New rules to protect endangered whales from fatal fishing gear entanglement will be in place by October after environmentalists sued to end what they said was an inexcusable delay.
The National Marine Fisheries Service agreed to issue the new regulations by Oct. 1 in a settlement agreement with the Ocean Conservancy and The Humane Society, the environmental groups said yesterday.
The rules were first proposed in early 2005, but never put in place. The groups sued in February to force action, saying the rules were urgently needed to protect whales, including the North Atlantic right whale, which has a total population of about 350.
Mary Colligan, an assistant regional administrator at the National Marine Fisheries Service, said federal officials have been working through complicated issues as quickly as possible to ensure the rules are effective.
"It's important to move as fast as possible," she said.
It is uncertain what the final rule will look like, but Sharon Young of The Humane Society said anything would be progress.
"There's no question it's going to be a step forward; we just don't know how big a step," Young said.
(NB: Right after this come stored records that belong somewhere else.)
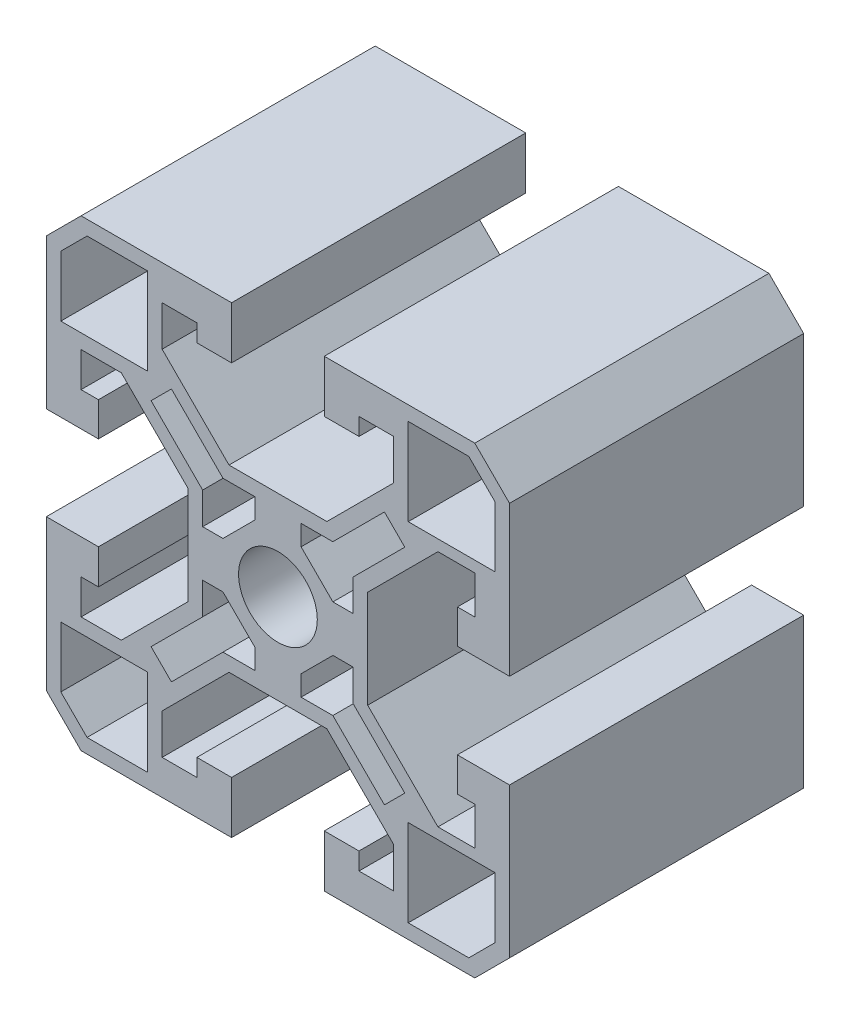
from build123d import *

# Parameters (mm, degrees)
SKETCH1_R      = 3.4
EXTRUDE1_DEPTH = 25.4


with BuildPart() as part:
    # Sketch1 → Extrude1 (new body)
    with BuildSketch(Plane.XY):
        Polygon((4.225, 7.75), (-4.225, 7.75), (-10, 13.525), (-10, 17), (-7, 17), (-7, 15.5), (-4, 15.5), (-4, 20), (-17, 20), (-20, 17), (-20, 4.0635), (-15.5, 4.0635), (-15.5, 7), (-17, 7), (-17, 10), (-13.525, 10), (-7.75, 4.225), (-7.75, -4.225), (-13.525, -10), (-17, -10), (-17, -7), (-15.5, -7), (-15.5, -4), (-20, -4), (-20, -17), (-17, -20), (-4, -20), (-4, -15.5), (-7, -15.5), (-7, -17), (-10, -17), (-10, -13.525), (-4.225, -7.75), (4.225, -7.75), (10, -13.525), (10, -17), (7, -17), (7, -15.5), (4, -15.5), (4, -20), (17, -20), (20, -17), (20, -4.0635), (15.5, -4.0635), (15.5, -7), (17, -7), (17, -10.2921), (13.8171, -10.2921), (7.75, -4.225), (7.75, 4.225), (13.8171, 10.2921), (17, 10.2921), (17, 7), (15.5, 7), (15.5, 4.0635), (20, 4.0635), (20, 17), (17, 20), (4, 20), (4, 15.5), (7, 15.5), (7, 17), (10, 17), (10, 13.525), align=None)
        Circle(SKETCH1_R, mode=Mode.SUBTRACT)
        Polygon((-18.75, -16.482233), (-16.482233, -18.75), (-11.25, -18.75), (-11.25, -11.25), (-18.75, -11.25), align=None, mode=Mode.SUBTRACT)
        Polygon((18.75, 16.482233), (16.482233, 18.75), (11.25, 18.75), (11.25, 11.25), (18.75, 11.25), align=None, mode=Mode.SUBTRACT)
        Polygon((2, -6.5), (4.742767, -6.5), (9.197655, -10.954888), (10.954888, -9.197655), (6.5, -4.742767), (6.5, -2), (4.745788, -2), (2, -4.745788), align=None, mode=Mode.SUBTRACT)
        Polygon((6.5, 2), (6.5, 4.742767), (10.954888, 9.197655), (9.197655, 10.954888), (4.742767, 6.5), (2, 6.5), (2, 4.745788), (4.745788, 2), align=None, mode=Mode.SUBTRACT)
        Polygon((-2, 6.5), (-4.742767, 6.5), (-9.197655, 10.954888), (-10.954888, 9.197655), (-6.5, 4.742767), (-6.5, 2), (-4.745788, 2), (-2, 4.745788), align=None, mode=Mode.SUBTRACT)
        Polygon((-6.5, -2), (-6.5, -4.742767), (-10.954888, -9.197655), (-9.197655, -10.954888), (-4.742767, -6.5), (-2, -6.5), (-2, -4.745788), (-4.745788, -2), align=None, mode=Mode.SUBTRACT)
        Polygon((-16.482233, 18.75), (-18.75, 16.482233), (-18.75, 11.25), (-11.25, 11.25), (-11.25, 18.75), align=None, mode=Mode.SUBTRACT)
        Polygon((16.482233, -18.75), (18.75, -16.482233), (18.75, -11.25), (11.25, -11.25), (11.25, -18.75), align=None, mode=Mode.SUBTRACT)
    extrude(amount=EXTRUDE1_DEPTH)


solid = part.part

A key part of the proposed rules was a switch by lobstermen to rope that sinks to the ocean floor so whales do not get caught in it. Since January, Massachusetts has required fishermen to use the special line, but similar measures are not in place in other states. Some lobstermen have objected, saying the switch to the costlier rope was a financial hardship and was unnecessary in some areas.
Marine gear entanglement and being hit by ships are the top human causes of right whale deaths. On July 1, the shipping lanes in and out of Boston Harbor were rotated slightly northward to avoid an area with a high concentration of right whales.